Book accommodations close to the action
This is a weekend trip — you’ll be staying in a hotel for maybe one or two nights at most. Yes, sticking to a budget is a good idea whenever you travel, but a weekend trip isn’t the best time to book the cheapest accommodations you can find. Dirt-cheap hotels are typically much lower quality and definitely won’t give you the weekend getaway vibes you were hoping for. Plus, cheaper accommodations are usually far from the city center, which means you’ll have to drive or take public transportation every time you want to do something.
If it’s within your budget, book lodgings that are near the things you want to do and see. Traveling over the weekend means you’ll be shorter on time, so why waste any more of your precious adventure time than is absolutely necessary on getting from your hotel to the sights you’re dying to see? Bonus points if you’re able to find a place to stay that’s within walking distance of the attractions you’d like to see. Walking is the best way to see a city, and it means you won’t have to pay for gas or public transportation. So in a way it all evens out, budget-wise!

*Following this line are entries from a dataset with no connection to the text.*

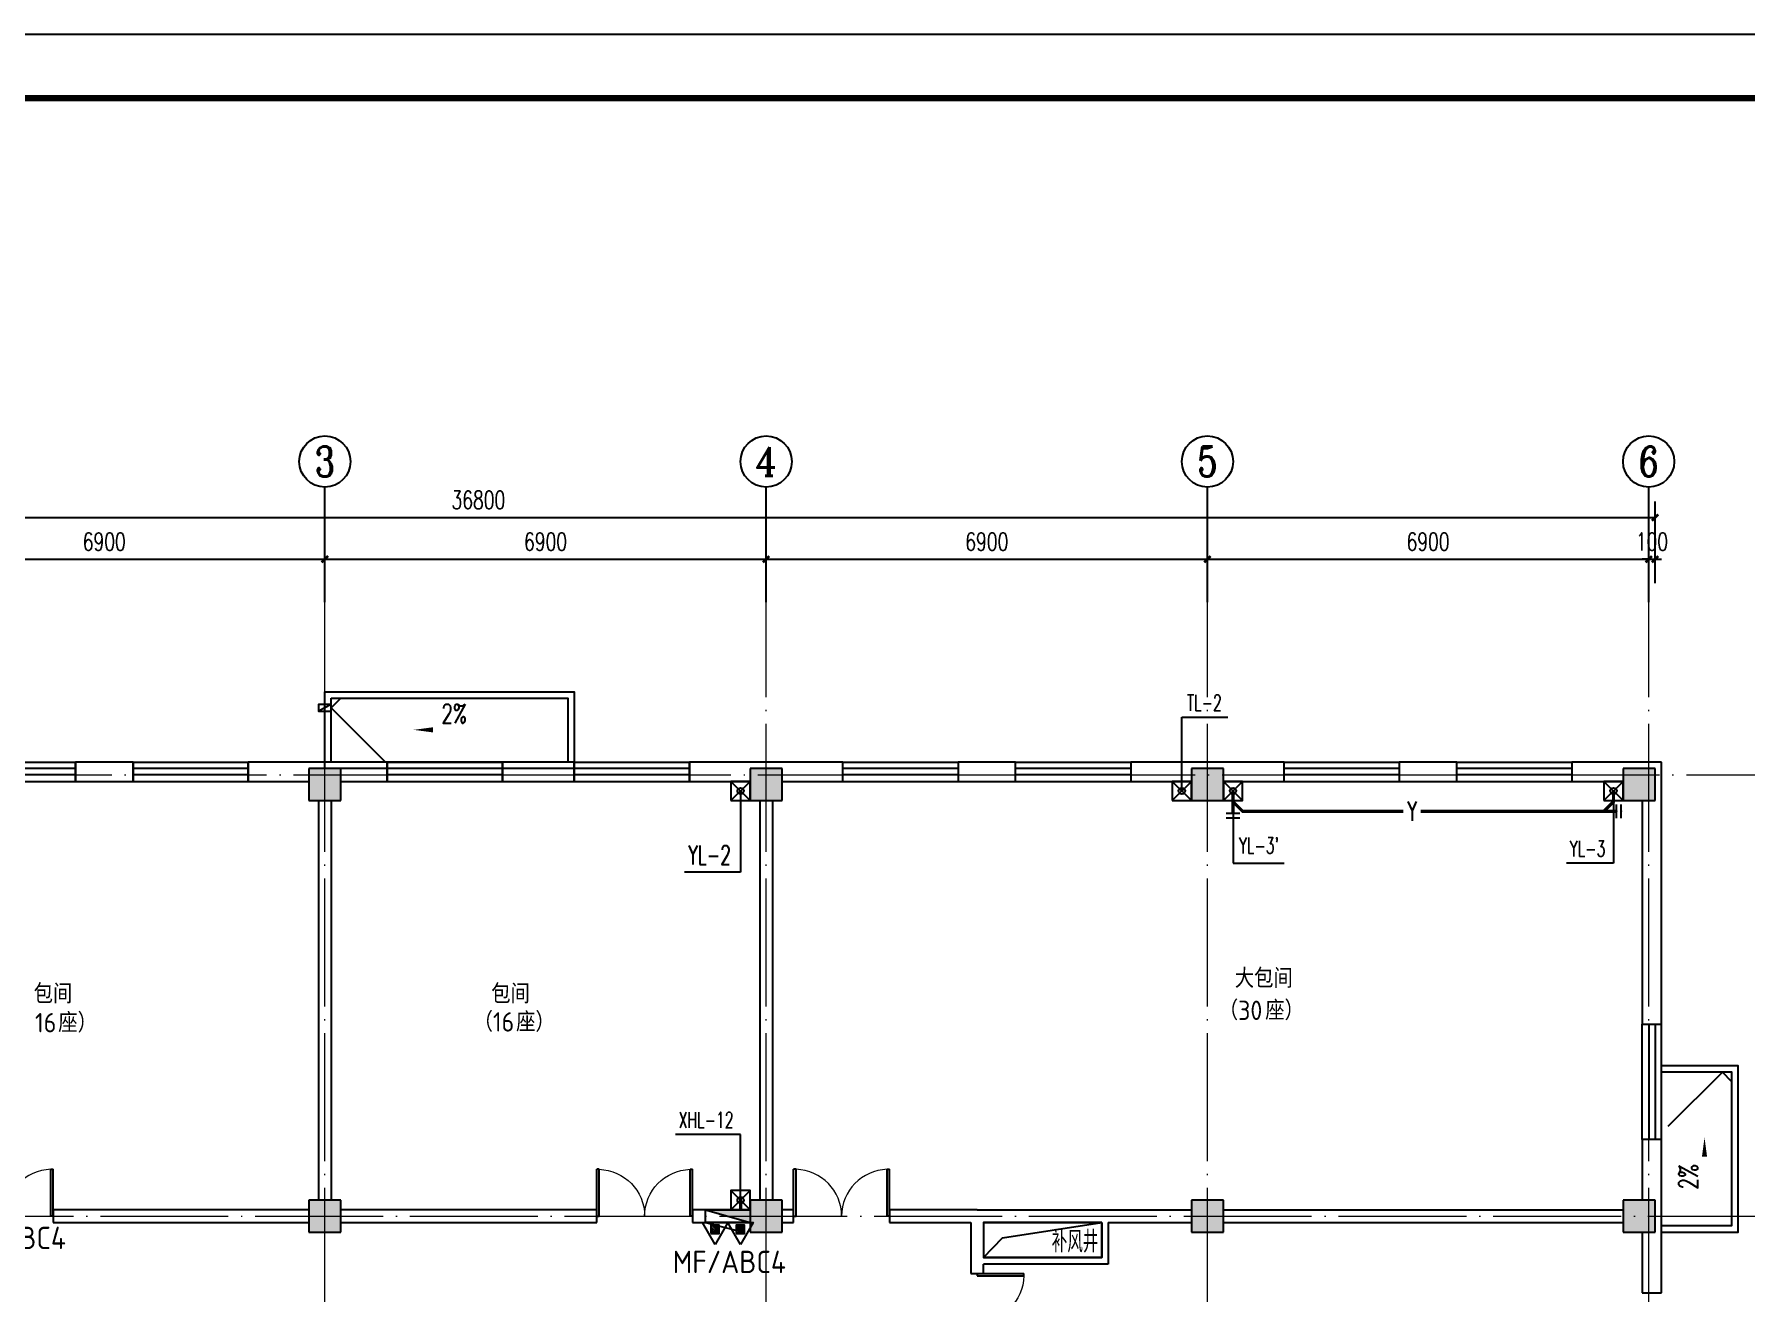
# Model space of a CAD drawing. Extents: x 1475400 to 1714963, y -629303 to -315532.
# Drawn here: x 1535929 to 1562692, y -436308 to -416621 of the extents above; entities that cross this region are included whole.
import ezdxf
from ezdxf.enums import TextEntityAlignment as Align

# ---------------------------------------------------------------- set-up
doc = ezdxf.new("R2010")
doc.units = 0
doc.header["$LTSCALE"] = 1000
doc.linetypes.add('DOTE', pattern=[2.42, 2, -0.2, 0.02, -0.2])
for name, color, linetype in [('A-ANNO-DIMS', 3, 'Continuous'), ('AXIS', 3, 'Continuous'), ('AXIS_TEXT', 7, 'Continuous'), ('BTTK', 7, 'Continuous'), ('COLUMN', 255, 'Continuous'), ('E2-楼梯、坡道', 52, 'Continuous'), ('P-FIRE-EQPM', 1, 'Continuous'), ('P-FIRE-IDEN', 1, 'Continuous'), ('P-PROT-FIRH', 1, 'Continuous'), ('P-PROT-IDEN', 7, 'Continuous'), ('P-PROT-PIPE', 1, 'Continuous'), ('P-PROT-VPIP', 1, 'Continuous'), ('P-RAIN-IDEN', 171, 'Continuous'), ('P-RAIN-VALV', 193, 'Continuous'), ('P-RAIN-VPIP', 7, 'Continuous'), ('P-VENT-IDEN', 153, 'Continuous'), ('P-VENT-VPIP', 155, 'Continuous'), ('PUB_DIM', 3, 'Continuous'), ('PUB_HATCH', 8, 'Continuous'), ('PUB_TEXT', 7, 'Continuous'), ('PUB_TITLE', 4, 'Continuous'), ('WALL', 2, 'Continuous'), ('WINDOW', 4, 'Continuous'), ('建筑底图', 7, 'Continuous'), ('水', 5, 'Continuous')]:
    doc.layers.add(name, color=color, linetype=linetype)
for name, color, linetype, lineweight in [('DOTE', 8, 'DOTE', 9), ('P-RAIN-PIPE', 4, 'Continuous', 50), ('悬挑板', 9, 'Continuous', 18)]:
    doc.layers.add(name, color=color, linetype=linetype, lineweight=lineweight)
doc.layers.add('定位矩形', color=6, linetype='Continuous', plot=False)
doc.styles.add('_TCH_AXIS', font='COMPLEX', dxfattribs={"bigfont": 'GBCBIG'})
doc.styles.add('_TCH_DIM', font='SIMPLEX', dxfattribs={"bigfont": 'GBCBIG'})
doc.styles.add('_TWT_PIPETEXT', font='SIMPLEX', dxfattribs={"width": 0.8, "height": 2.5, "bigfont": 'HZTXT'})
doc.styles.add('_TWT_SERIAL', font='COMPLEX', dxfattribs={"width": 0.8, "height": 3, "bigfont": 'HZTXT'})
doc.styles.add('A_DIM_T3', font='SIMPLEX', dxfattribs={"width": 0.7, "bigfont": 'HZ'})
doc.styles.add('COMPLEX', font='COMPLEX')
doc.styles.add('HZ(TK)', font='geniso.shx', dxfattribs={"width": 0.9, "bigfont": 'hztxt.shx'})
doc.styles.get("Standard").update_dxf_attribs({"font": 'geniso.shx', "bigfont": 'hztxt.shx'})
doc.dimstyles.new('_TCH_ARCH&&100', dxfattribs={"dimtxt": 280, "dimasz": 100, "dimexe": 250, "dimexo": 300, "dimgap": 135, "dimtad": 1, "dimdec": 0, "dimzin": 0, "dimdsep": 46, "dimtxsty": 'A_DIM_T3', "dimblk": 'ARCHTICK', "dimcen": 0.09, "dimclrt": 7, "dimazin": 2, "dimtfac": 1, "dimtdec": 0, "dimtix": 1, "dimtmove": 2, "dimatfit": 3, "dimfxl": 150, "dimtolj": 1, "dimtzin": 0, "dimarcsym": 0})

# ---------------------------------------------------------------- blocks, each defined once
blk = doc.blocks.new('_ArchTick')
at = {"color": 0, "linetype": 'ByBlock', "const_width": 0.4}
blk.add_lwpolyline([(-0.5, -0.5), (0.5, 0.5)], dxfattribs=at)
blk = doc.blocks.new('*D247')
at = {"layer": 'A-ANNO-DIMS', "color": 0, "lineweight": -2, "transparency": 16777216}
for p, q in [((872063, -343010), (872063, -342386)), ((878963, -343010), (878963, -342386)), ((872063, -342636), (878963, -342636))]:
    blk.add_line(p, q, dxfattribs=at)
at = {"layer": 'Defpoints', "color": 0, "transparency": 16777216}
for p in [(878963, -342636), (872063, -343310), (878963, -343310)]:
    blk.add_point(p, dxfattribs=at)
at = {"layer": 'A-ANNO-DIMS', "color": 0, "lineweight": -2, "transparency": 16777216, "xscale": 100, "yscale": 100, "zscale": 100, "rotation": 180}
blk.add_blockref('_ArchTick', (872063, -342636), dxfattribs=at)
at = {"layer": 'A-ANNO-DIMS', "color": 0, "lineweight": -2, "transparency": 16777216, "xscale": 100, "yscale": 100, "zscale": 100}
blk.add_blockref('_ArchTick', (878963, -342636), dxfattribs=at)
at = {"layer": 'A-ANNO-DIMS', "color": 7, "transparency": 16777216, "insert": (875513, -342361), "char_height": 280, "attachment_point": 5, "style": 'A_DIM_T3'}
blk.add_mtext('\\A1;6900', dxfattribs=at)
blk = doc.blocks.new('*D248')
at = {"layer": 'A-ANNO-DIMS', "color": 0, "lineweight": -2, "transparency": 16777216}
for p, q in [((878963, -343010), (878963, -342386)), ((885863, -343010), (885863, -342386)), ((878963, -342636), (885863, -342636))]:
    blk.add_line(p, q, dxfattribs=at)
at = {"layer": 'Defpoints', "color": 0, "transparency": 16777216}
for p in [(885863, -342636), (878963, -343310), (885863, -343310)]:
    blk.add_point(p, dxfattribs=at)
at = {"layer": 'A-ANNO-DIMS', "color": 0, "lineweight": -2, "transparency": 16777216, "xscale": 100, "yscale": 100, "zscale": 100, "rotation": 180}
blk.add_blockref('_ArchTick', (878963, -342636), dxfattribs=at)
at = {"layer": 'A-ANNO-DIMS', "color": 0, "lineweight": -2, "transparency": 16777216, "xscale": 100, "yscale": 100, "zscale": 100}
blk.add_blockref('_ArchTick', (885863, -342636), dxfattribs=at)
at = {"layer": 'A-ANNO-DIMS', "color": 7, "transparency": 16777216, "insert": (882413, -342361), "char_height": 280, "attachment_point": 5, "style": 'A_DIM_T3'}
blk.add_mtext('\\A1;6900', dxfattribs=at)
blk = doc.blocks.new('*D249')
at = {"layer": 'A-ANNO-DIMS', "color": 0, "lineweight": -2, "transparency": 16777216}
for p, q in [((885863, -343010), (885863, -342386)), ((892763, -343010), (892763, -342386)), ((885863, -342636), (892763, -342636))]:
    blk.add_line(p, q, dxfattribs=at)
at = {"layer": 'Defpoints', "color": 0, "transparency": 16777216}
for p in [(892763, -342636), (885863, -343310), (892763, -343310)]:
    blk.add_point(p, dxfattribs=at)
at = {"layer": 'A-ANNO-DIMS', "color": 0, "lineweight": -2, "transparency": 16777216, "xscale": 100, "yscale": 100, "zscale": 100, "rotation": 180}
blk.add_blockref('_ArchTick', (885863, -342636), dxfattribs=at)
at = {"layer": 'A-ANNO-DIMS', "color": 0, "lineweight": -2, "transparency": 16777216, "xscale": 100, "yscale": 100, "zscale": 100}
blk.add_blockref('_ArchTick', (892763, -342636), dxfattribs=at)
at = {"layer": 'A-ANNO-DIMS', "color": 7, "transparency": 16777216, "insert": (889313, -342361), "char_height": 280, "attachment_point": 5, "style": 'A_DIM_T3'}
blk.add_mtext('\\A1;6900', dxfattribs=at)
blk = doc.blocks.new('*D250')
at = {"layer": 'A-ANNO-DIMS', "color": 0, "lineweight": -2, "transparency": 16777216}
for p, q in [((892763, -343010), (892763, -342386)), ((899663, -343010), (899663, -342386)), ((892763, -342636), (899663, -342636))]:
    blk.add_line(p, q, dxfattribs=at)
at = {"layer": 'Defpoints', "color": 0, "transparency": 16777216}
for p in [(899663, -342636), (892763, -343310), (899663, -343310)]:
    blk.add_point(p, dxfattribs=at)
at = {"layer": 'A-ANNO-DIMS', "color": 0, "lineweight": -2, "transparency": 16777216, "xscale": 100, "yscale": 100, "zscale": 100, "rotation": 180}
blk.add_blockref('_ArchTick', (892763, -342636), dxfattribs=at)
at = {"layer": 'A-ANNO-DIMS', "color": 0, "lineweight": -2, "transparency": 16777216, "xscale": 100, "yscale": 100, "zscale": 100}
blk.add_blockref('_ArchTick', (899663, -342636), dxfattribs=at)
at = {"layer": 'A-ANNO-DIMS', "color": 7, "transparency": 16777216, "insert": (896213, -342361), "char_height": 280, "attachment_point": 5, "style": 'A_DIM_T3'}
blk.add_mtext('\\A1;6900', dxfattribs=at)
blk = doc.blocks.new('*D251')
at = {"layer": 'A-ANNO-DIMS', "color": 0, "lineweight": -2, "transparency": 16777216}
for p, q in [((899663, -343010), (899663, -342386)), ((899763, -343010), (899763, -342386)), ((899663, -342636), (899563, -342636)), ((899663, -342636), (899763, -342636)), ((899763, -342636), (899863, -342636))]:
    blk.add_line(p, q, dxfattribs=at)
at = {"layer": 'Defpoints', "color": 0, "transparency": 16777216}
for p in [(899763, -342636), (899663, -343310), (899763, -343310)]:
    blk.add_point(p, dxfattribs=at)
at = {"layer": 'A-ANNO-DIMS', "color": 0, "lineweight": -2, "transparency": 16777216, "xscale": 100, "yscale": 100, "zscale": 100}
blk.add_blockref('_ArchTick', (899663, -342636), dxfattribs=at)
at = {"layer": 'A-ANNO-DIMS', "color": 0, "lineweight": -2, "transparency": 16777216, "xscale": 100, "yscale": 100, "zscale": 100, "rotation": 180}
blk.add_blockref('_ArchTick', (899763, -342636), dxfattribs=at)
at = {"layer": 'A-ANNO-DIMS', "color": 7, "transparency": 16777216, "insert": (899713, -342361), "char_height": 280, "attachment_point": 5, "style": 'A_DIM_T3'}
blk.add_mtext('\\A1;100', dxfattribs=at)
blk = doc.blocks.new('*D253')
at = {"layer": 'Defpoints', "color": 0, "transparency": 16777216}
for p in [(899763, -341983), (862963, -343310), (899763, -343310)]:
    blk.add_point(p, dxfattribs=at)
at = {"layer": 'PUB_DIM', "color": 0, "lineweight": -2, "transparency": 16777216}
for p, q in [((862963, -343010), (862963, -341733)), ((899763, -343010), (899763, -341733)), ((862963, -341983), (899763, -341983))]:
    blk.add_line(p, q, dxfattribs=at)
at = {"layer": 'PUB_DIM', "color": 0, "lineweight": -2, "transparency": 16777216, "xscale": 100, "yscale": 100, "zscale": 100, "rotation": 180}
blk.add_blockref('_ArchTick', (862963, -341983), dxfattribs=at)
at = {"layer": 'PUB_DIM', "color": 0, "lineweight": -2, "transparency": 16777216, "xscale": 100, "yscale": 100, "zscale": 100}
blk.add_blockref('_ArchTick', (899763, -341983), dxfattribs=at)
at = {"layer": 'PUB_DIM', "color": 7, "transparency": 16777216, "insert": (881363, -341708), "char_height": 280, "attachment_point": 5, "style": 'A_DIM_T3'}
blk.add_mtext('\\A1;36800', dxfattribs=at)
blk = doc.blocks.new('$WINLIB2D$00000001')
at = {"color": 0}
for points in [[(-0.5, 0.5), (-0.5, -0.5)], [(-0.5, 0.5), (0.5, 0.5)], [(0.5, -0.5), (0.5, 0.5)], [(0.5, 0.167), (-0.5, 0.167)], [(0.5, -0.167), (-0.5, -0.167)], [(-0.5, -0.5), (0.5, -0.5)]]:
    blk.add_lwpolyline(points, dxfattribs=at)
blk = doc.blocks.new('$DorLib2D$00000002')
for p, q in [((-0.5, 0), (-0.5, 0.4875)), ((-0.475, 0.4875), (-0.5, 0.4875)), ((-0.475, 0), (-0.475, 0.4875)), ((0.475, 0), (0.475, 0.4875)), ((0.475, 0.4875), (0.5, 0.4875)), ((0.5, 0), (0.5, 0.4875)), ((-0.5, 0), (-0.475, 0)), ((0.5, 0), (0.475, 0))]:
    blk.add_line(p, q)
at = {"lineweight": 13}
for centre, start, end in [((-0.4875, 0), 0, 88.53072), ((0.4875, 0), 91.46928, 180)]:
    blk.add_arc(centre, 0.4875, start, end, dxfattribs=at)
blk = doc.blocks.new('_AXISO')
blk.add_circle((0, 0), 0.5)
at = {"layer": 'AXIS_TEXT', "style": 'COMPLEX', "width": 1.041667}
blk.add_attdef('A', text='', height=0.56, dxfattribs=at).set_placement((-0.25, -0.28), (0.25, -0.28), align=Align.FIT)
blk = doc.blocks.new('vhtemplate_2019年新竖式图框_A1')
at = {"layer": 'PUB_TITLE', "color": 7}
blk.add_lwpolyline([(0, 594), (841, 594), (841, 0), (0, 0)], close=True, dxfattribs=at)
at = {"layer": 'PUB_TITLE', "const_width": 1}
blk.add_lwpolyline([(25, 10), (831, 10), (831, 584), (25, 584)], close=True, dxfattribs=at)
at = {"layer": 'BTTK', "color": 4, "style": 'HZ(TK)', "width": 0.9}
for tag, p in [('合作单位_001', (795.83, 509.44)), ('建设单位_001', (795.85, 207.44)), ('工程名称_001', (795.62, 174.44)), ('子项名称_001', (805.71, 157.94)), ('图纸名称_001', (795.45, 138.94))]:
    blk.add_attdef(tag, p, '', height=3.5, dxfattribs=at)
for tag, p in [('注册证书号', (808.5, 279)), ('注册印章号', (808.5, 271)), ('设计号', (806, 193)), ('图别', (789.75, 34)), ('图号', (822.25, 34)), ('版本号', (789.75, 26)), ('日期', (822.25, 26))]:
    blk.add_attdef(tag, text='', height=3.5, dxfattribs=at).set_placement(p, align=Align.MIDDLE)
blk = doc.blocks.new('$TWTSYS$00000508')
for p, q in [((-0.5, 0.5), (0.324, 1.224)), ((-0.5, 0.5), (-0.5, -0.5)), ((-0.5, -0.5), (0.5, 0.5)), ((0.5, 0.5), (-0.5, 0.5)), ((0.5, -0.5), (0.5, 0.5)), ((-0.5, -0.5), (0.5, -0.5))]:
    blk.add_line(p, q)
blk.add_solid([(0.5, -0.5), (0.5, 0.5), (-0.5, -0.5)])
blk = doc.blocks.new('$VALVE$00000476')
for p, q in [((-64, -90), (-64, 90)), ((0, -90), (0, 90))]:
    blk.add_line(p, q)
blk.add_point((0, 0))
blk = doc.blocks.new('$VALVE$00000445')
for p, q in [((-32, -90), (-32, 90)), ((32, -90), (32, 90))]:
    blk.add_line(p, q)
for p in [(-32, 0), (32, 0)]:
    blk.add_point(p)
blk = doc.blocks.new('$TwtSys$00000546')
h = blk.add_hatch()
h.set_pattern_fill('ANSI31', color=256, scale=200, style=0)
h.set_pattern_definition([(45, (-38543.802, -6670.83), (-17.67767, 17.67767), [])])
h.paths.add_polyline_path([(-65, 174), (65, 174), (65, 44), (-65, 44)])
for points in [[(0, 344), (-198, 0), (198, 0)], [(-65, 174), (65, 174), (65, 44), (-65, 44)]]:
    blk.add_lwpolyline(points, close=True)
blk = doc.blocks.new('sdfcsf')
at = {"layer": 'PUB_HATCH'}
for points in [[(879213.1, -346410.3), (879213.1, -345910.3), (878713.1, -345910.3), (878713.1, -346410.3)], [(886113.1, -346410.3), (886113.1, -345910.3), (885613.1, -345910.3), (885613.1, -346410.3)], [(893013.1, -346410.3), (893013.1, -345910.3), (892513.1, -345910.3), (892513.1, -346410.3)], [(899763.1, -346410.3), (899763.1, -345910.3), (899263.1, -345910.3), (899263.1, -346410.3)], [(879213.1, -353160.3), (879213.1, -352660.3), (878713.1, -352660.3), (878713.1, -353160.3)], [(886113.1, -353160.3), (886113.1, -352660.3), (885613.1, -352660.3), (885613.1, -353160.3)], [(893013.1, -353160.3), (893013.1, -352660.3), (892513.1, -352660.3), (892513.1, -353160.3)], [(899763.1, -353160.3), (899763.1, -352660.3), (899263.1, -352660.3), (899263.1, -353160.3)]]:
    blk.add_hatch(color=256, dxfattribs=at).paths.add_polyline_path(points)
for p, q in [((879213.1, -344810.3), (879063.1, -344960.3)), ((879063.1, -344960.3), (879913.1, -345810.3)), ((900814.8, -350660.3), (899964.8, -351510.3)), ((900964.8, -350810.3), (900814.8, -350660.3))]:
    blk.add_line(p, q)
for points in [[(879063.1, -344910.3), (879063.1, -344910.3), (878863.1, -344910.3), (878863.1, -345010.3), (879063.1, -345010.3), (879063.1, -344910.3), (878863.1, -345010.3)], [(889263.1, -353560.3), (889556.8, -353251.7), (891113.3, -353010.3)]]:
    blk.add_lwpolyline(points)
for points in [[(878963.1, -344710.3), (882863.1, -344710.3), (882863.1, -345910.3), (878963.1, -345910.3)], [(879063.1, -344810.3), (882763.1, -344810.3), (882763.1, -345810.3), (879063.1, -345810.3)], [(891113.3, -353010.3), (889263.1, -353010.3), (889263.1, -353560.3), (891113.3, -353560.3)]]:
    blk.add_lwpolyline(points, close=True)
at = {"layer": 'AXIS'}
for p, q in [((878963.1, -343309.6), (878963.1, -341507.6)), ((885863.1, -343309.6), (885863.1, -341507.6)), ((892763.1, -343309.6), (892763.1, -341507.6)), ((899663.1, -343309.6), (899663.1, -341507.6))]:
    blk.add_line(p, q, dxfattribs=at)
at = {"layer": 'COLUMN'}
for p, q in [((879213.1, -345910.3), (878713.1, -345910.3)), ((878713.1, -345910.3), (878713.1, -346410.3)), ((879213.1, -346410.3), (879213.1, -345910.3)), ((886113.1, -345910.3), (885613.1, -345910.3)), ((885613.1, -345910.3), (885613.1, -346410.3)), ((886113.1, -346410.3), (886113.1, -345910.3)), ((893013.1, -345910.3), (892513.1, -345910.3)), ((892513.1, -345910.3), (892513.1, -346410.3)), ((893013.1, -346410.3), (893013.1, -345910.3)), ((899763.1, -345910.3), (899263.1, -345910.3)), ((899263.1, -345910.3), (899263.1, -346410.3)), ((899763.1, -346410.3), (899763.1, -345910.3)), ((878713.1, -346410.3), (879213.1, -346410.3)), ((885613.1, -346410.3), (886113.1, -346410.3)), ((892513.1, -346410.3), (893013.1, -346410.3)), ((899263.1, -346410.3), (899763.1, -346410.3)), ((879213.1, -352660.3), (878713.1, -352660.3)), ((878713.1, -352660.3), (878713.1, -353160.3)), ((879213.1, -353160.3), (879213.1, -352660.3)), ((886113.1, -352660.3), (885613.1, -352660.3)), ((885613.1, -352660.3), (885613.1, -353160.3)), ((886113.1, -353160.3), (886113.1, -352660.3)), ((893013.1, -352660.3), (892513.1, -352660.3)), ((892513.1, -352660.3), (892513.1, -353160.3)), ((893013.1, -353160.3), (893013.1, -352660.3)), ((899763.1, -352660.3), (899263.1, -352660.3)), ((899263.1, -352660.3), (899263.1, -353160.3)), ((899763.1, -353160.3), (899763.1, -352660.3)), ((878713.1, -353160.3), (879213.1, -353160.3)), ((885613.1, -353160.3), (886113.1, -353160.3)), ((892513.1, -353160.3), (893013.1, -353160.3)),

You’re only going to be away from home for a day or two, it’s okay if your outfits aren’t perfect every day of your trip. I typically only pack one or two outfits for a weekend trip, and make sure whatever I pack matches the shoes I wear the day I leave my house. I also pare down my skincare and makeup so I’m only bringing along the absolute necessities. Again, since I’m only going to be spending one or two nights away from home, it’s fine if I don’t have my favorite serums and lotions with me. My face will survive one night without them!
If you’re driving, you have a little more flexibility with what you pack, but if you’ll be taking the bus or train I highly recommend fitting everything you need into a backpack. You don’t want to be lugging a suitcase around with you. The goal when planning for a weekend getaway is to keep things as hassle-free as possible.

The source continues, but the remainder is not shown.